Role of p53 in the Regulation of Cellular Senescence

Abstract

The p53 transcription factor plays a critical role in cellular responses to stress. Its activation in response to DNA damage leads to cell growth arrest, allowing for DNA repair, or directs cellular senescence or apoptosis, thereby maintaining genome integrity. Senescence is a permanent cell-cycle arrest that has a crucial role in aging, and it also represents a robust physiological antitumor response, which counteracts oncogenic insults. In addition, senescent cells can also negatively impact the surrounding tissue microenvironment and the neighboring cells by secreting pro-inflammatory cytokines, ultimately triggering tissue dysfunction and/or unfavorable outcomes. This review focuses on the characteristics of senescence and on the recent advances in the contribution of p53 to cellular senescence. Moreover, we also discuss the p53-mediated regulation of several pathophysiological microenvironments that could be associated with senescence and its development.

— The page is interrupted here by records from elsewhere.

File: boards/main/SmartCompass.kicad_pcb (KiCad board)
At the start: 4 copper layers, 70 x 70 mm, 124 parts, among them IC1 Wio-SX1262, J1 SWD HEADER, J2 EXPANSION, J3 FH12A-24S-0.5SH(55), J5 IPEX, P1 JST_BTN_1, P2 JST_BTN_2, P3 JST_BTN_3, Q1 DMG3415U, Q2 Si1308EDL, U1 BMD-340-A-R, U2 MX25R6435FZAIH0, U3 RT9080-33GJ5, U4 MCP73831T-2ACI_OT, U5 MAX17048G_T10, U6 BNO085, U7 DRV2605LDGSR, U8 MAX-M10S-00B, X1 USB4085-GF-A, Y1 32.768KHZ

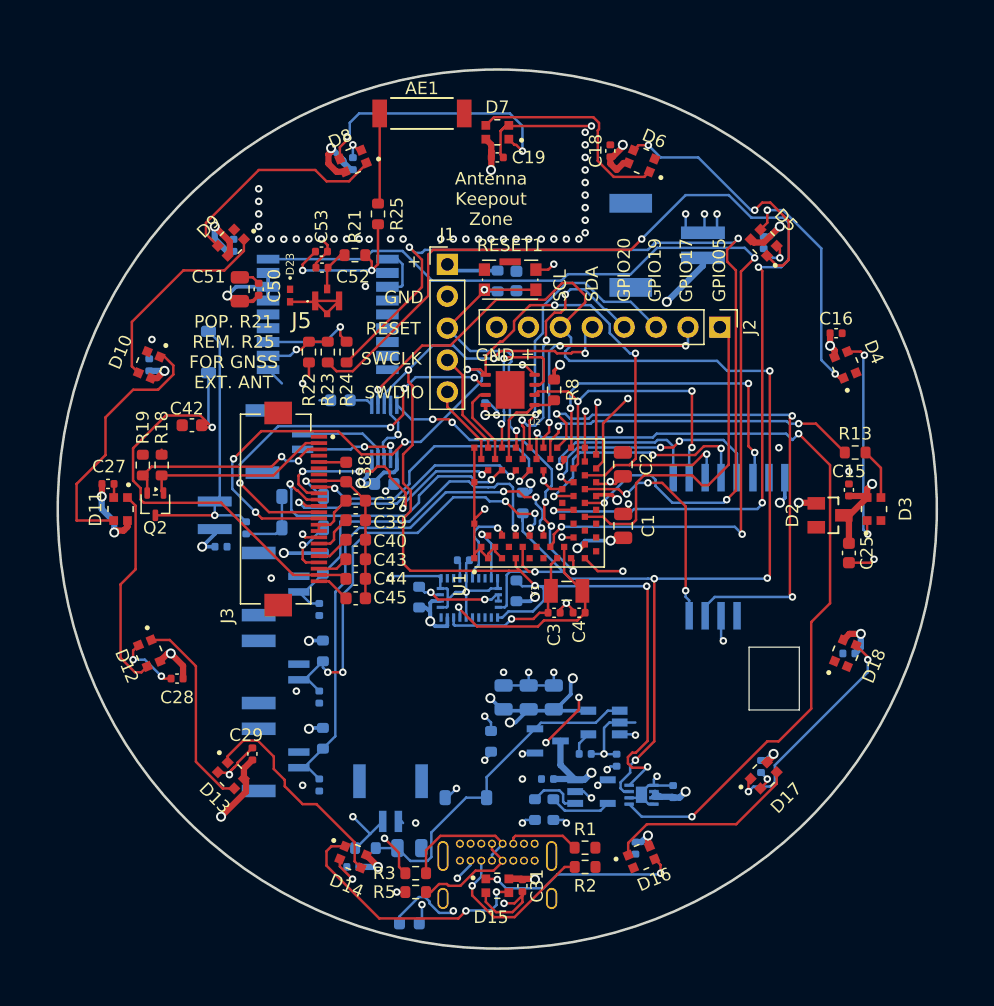
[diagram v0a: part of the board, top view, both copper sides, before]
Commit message: Board migrations. Move to newer LED and IMU
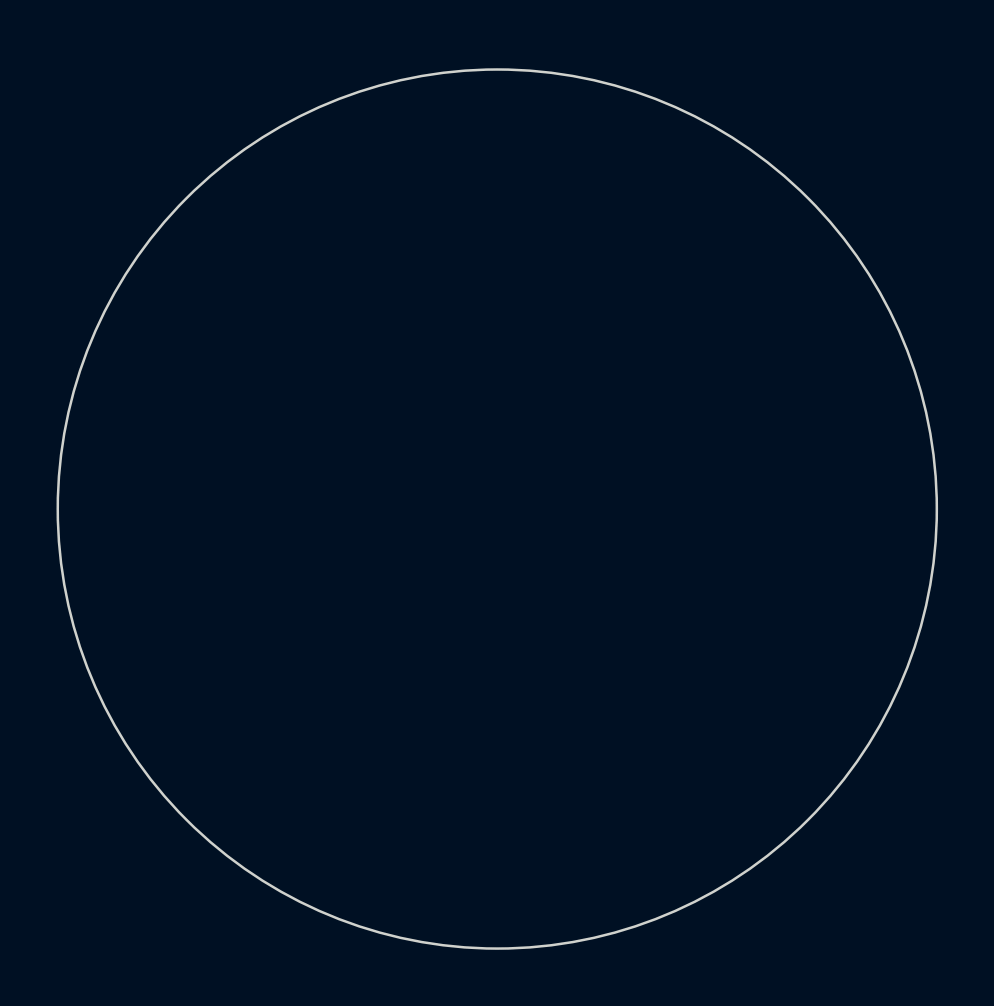
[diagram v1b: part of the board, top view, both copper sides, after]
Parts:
- removed AE1: 1575AT43A0040E, 1575AT43A0040E:ANT_1575AT_JOT
- removed BATT1: JST_PH, S2B-PH-SM4-TB_LF__SN_:JST_S2B-PH-SM4-TB_LF__SN_
- removed C1, C11, C13, C2, C51, C8, C9: 10uF, Capacitor_SMD:C_0805_2012Metric
- removed C10, C14, C15, C16, C17, C18, C19, C20, C21, C22, C23, C24, C26, C27, C28, C29, C30, C31, C32, C33, C34, C35, C50, C6: 0.1uF, Capacitor_SMD:C_0402_1005Metric
- removed C12, C36, C41, C7: 4.7uF, Capacitor_SMD:C_0402_1005Metric
- removed C25: 22uF, Capacitor_SMD:C_0603_1608Metric
- removed C3, C4: 12pF, Capacitor_SMD:C_0402_1005Metric
- removed C37, C38, C39, C40, C42, C43, C44, C45, C46, C47, C5: 1uF, Capacitor_SMD:C_0603_1608Metric
- removed C52, C53: NM, Capacitor_SMD:C_0402_1005Metric
- removed CHG1: ORANGE, LED_SMD:LED_0603_1608Metric
- removed D1, D19, D20, D21: MBR0540, Diode_SMD:D_SOD-123
- removed D10, D11, D12, D13, D14, D15, D16, D17, D18, D3, D4, D5, D6, D7, D8, D9: WS2812B2020, WS2812B2020:LED_WS2812B2020
- removed D2: BAV199, BAV199:SOT23
- removed D23: TPD1E05U06DPYR, TPD1E05U06DPYR:DIO_TPD1E05U06DPYR
- removed HAPTIC1: JST_HAPTIC, SM02B-GHS-TB:JST_SM02B-GHS-TB
- removed IC1: Wio-SX1262, 114993390:114993390
- removed J1: SWD HEADER, Connector_PinHeader_2.54mm:PinHeader_1x05_P2.54mm_Vertical
- removed J2: EXPANSION, Connector_PinHeader_2.54mm:PinHeader_1x08_P2.54mm_Vertical
- removed J3: FH12A-24S-0.5SH(55), FH12-24S-0.5SH_55_:HRS_FH12-24S-0.5SH_55_
- removed J5: IPEX, RECE.20369:RECE20369001E01
- removed L1: 47uH 500mA, Inductor_SMD:L_Taiyo-Yuden_NR-30xx
- removed ONOFF1: JST_ONOFF, SM02B-GHS-TB:JST_SM02B-GHS-TB
- removed P1: JST_BTN_1, SM02B-GHS-TB:JST_SM02B-GHS-TB
- removed P2: JST_BTN_2, SM02B-GHS-TB:JST_SM02B-GHS-TB
- removed P3: JST_BTN_3, SM02B-GHS-TB:JST_SM02B-GHS-TB
- removed Q1: DMG3415U, DMG3415U-7:SOT95P240X105-3N
- removed Q2: Si1308EDL, Package_TO_SOT_SMD:SOT-323_SC-70
- removed R1, R10, R2, R22, R4: 5K, Resistor_SMD:R_0603_1608Metric
- removed R11: 2K, Resistor_SMD:R_0603_1608Metric
- removed R12, R9: 100K, Resistor_SMD:R_0603_1608Metric
- removed R13: 500R, Resistor_SMD:R_0603_1608Metric
- removed R14, R15, R16, R17, R8: 10K, Resistor_SMD:R_0603_1608Metric
- removed R18: 1M, Resistor_SMD:R_0603_1608Metric
- removed R19: 2.2R, Resistor_SMD:R_0603_1608Metric
- removed R21: NM, Resistor_SMD:R_0603_1608Metric
- removed R23, R24: 1K, Resistor_SMD:R_0603_1608Metric
- removed R25: 0R, Resistor_SMD:R_0603_1608Metric
- removed R3, R5: 27R, Resistor_SMD:R_0603_1608Metric
- removed R6, R7: 4.7K, Resistor_SMD:R_0603_1608Metric
- removed RESET1: KMR2, Button_Switch_SMD:SW_Push_1P1T-SH_NO_CK_KMR2xxG
- removed U1: BMD-340-A-R, BMD_340_A_R:RIGADO_BMD-340-A-R
- removed U2: MX25R6435FZAIH0, MX25R6435FZAIH0:SON80P400X400X60-9N
- removed U3: RT9080-33GJ5, RT9080-33GJ5:SOT94P280X100-5N
- removed U4: MCP73831T-2ACI_OT, MCP73831T-2ACI_OT:SOT95P280X145-5N
- removed U5: MAX17048G_T10, MAX17048G_T10:SON50P200X200X80-9N
- removed U6: BNO085, BNO085:IC_BNO085
- removed U7: DRV2605LDGSR, DRV2605LDGSR:SOP50P490X110-10N
- removed U8: MAX-M10S-00B, MAX-M10S-00B:XCVR_MAX-M10S-00B
- removed X1: USB4085-GF-A, USB4085-GF-A:GCT_USB4085-GF-A_REVB
- removed Y1: 32.768KHZ, ABS07-32.768KHZ-7-T:XTAL_ABS07-32.768KHZ-7-T
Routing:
- net GND: track 166.6 -> 0.00 mm, vias 86 -> 0
- net Vdrive: track 116.9 -> 0.00 mm, vias 17 -> 0
- net /SCL: track 113.4 -> 0.00 mm, vias 6 -> 0
- net /TXD_GPS: track 88.7 -> 0.00 mm, vias 4 -> 0
- net /SDA: track 85.2 -> 0.00 mm, vias 6 -> 0
- net /GPS_RESET: track 80.4 -> 0.00 mm, vias 3 -> 0
- net +BATT: track 77.0 -> 0.00 mm, vias 4 -> 0
- net /SPI_MOSI: track 76.6 -> 0.00 mm, vias 7 -> 0
- net +3.3V: track 74.6 -> 0.00 mm, vias 18 -> 0
- net /RXD_GPS: track 74.3 -> 0.00 mm, vias 4 -> 0
- net VBUS: track 70.9 -> 0.00 mm, vias 10 -> 0
- net /SPI_SCK: track 66.5 -> 0.00 mm, vias 7 -> 0
- net /Power and USB/LOW_BATT: track 65.6 -> 0.00 mm, vias 3 -> 0
- net /D-: track 54.5 -> 0.00 mm, vias 2 -> 0
- net /D+: track 50.0 -> 0.00 mm, vias 2 -> 0
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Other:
- outline, holes or cut-outs redrawn
- board text removed: "+"
- board text removed: "3.3V"
- board text removed: "Antenna Keepout Zone"
- board text removed: "CLK"
- board text removed: "DIO"
- board text removed: "GND"
- board text removed: "GPIO05"
- board text removed: "GPIO17"
- board text removed: "GPIO19"
- board text removed: "GPIO20"
- board text removed: "POP. R21 REM. R25 FOR GNSS EXT. ANT"
- board text removed: "RESET"
- board text removed: "RST"
- board text removed: "SCL"
- board text removed: "SDA"
- board text removed: "SWCLK"
- board text removed: "SWDIO"

Keywords: DNA damage; cell cycle arrest; microenvironment; p53; senescence.

Figure 1

Induction and initiation of cellular growth control and senescence via p53 or P16^INK4A pathways. Various internal or external stress factors trigger the DNA-damage response (DDR) pathway, which in turn activates the p53 and/or the p16^INK4A pathways. p16^INK4A inactivates Cdk4/6, results in accumulation of phosphorylated pRb, stops the regulation of E2F transcription factors, and drives cell cycle arrest or senescence. These stressors also trigger DNA damage (cellular responses to such damages are regulated by either ATM-Chk2 or ATR-Chk1 pathways) and transactivate p53 and p21^CIP1. Moreover, p21^CIP1 protein levels may lead to the inhibition of Cdk4/6 activity, which contribute to the G1 arrest or senescence [33,34].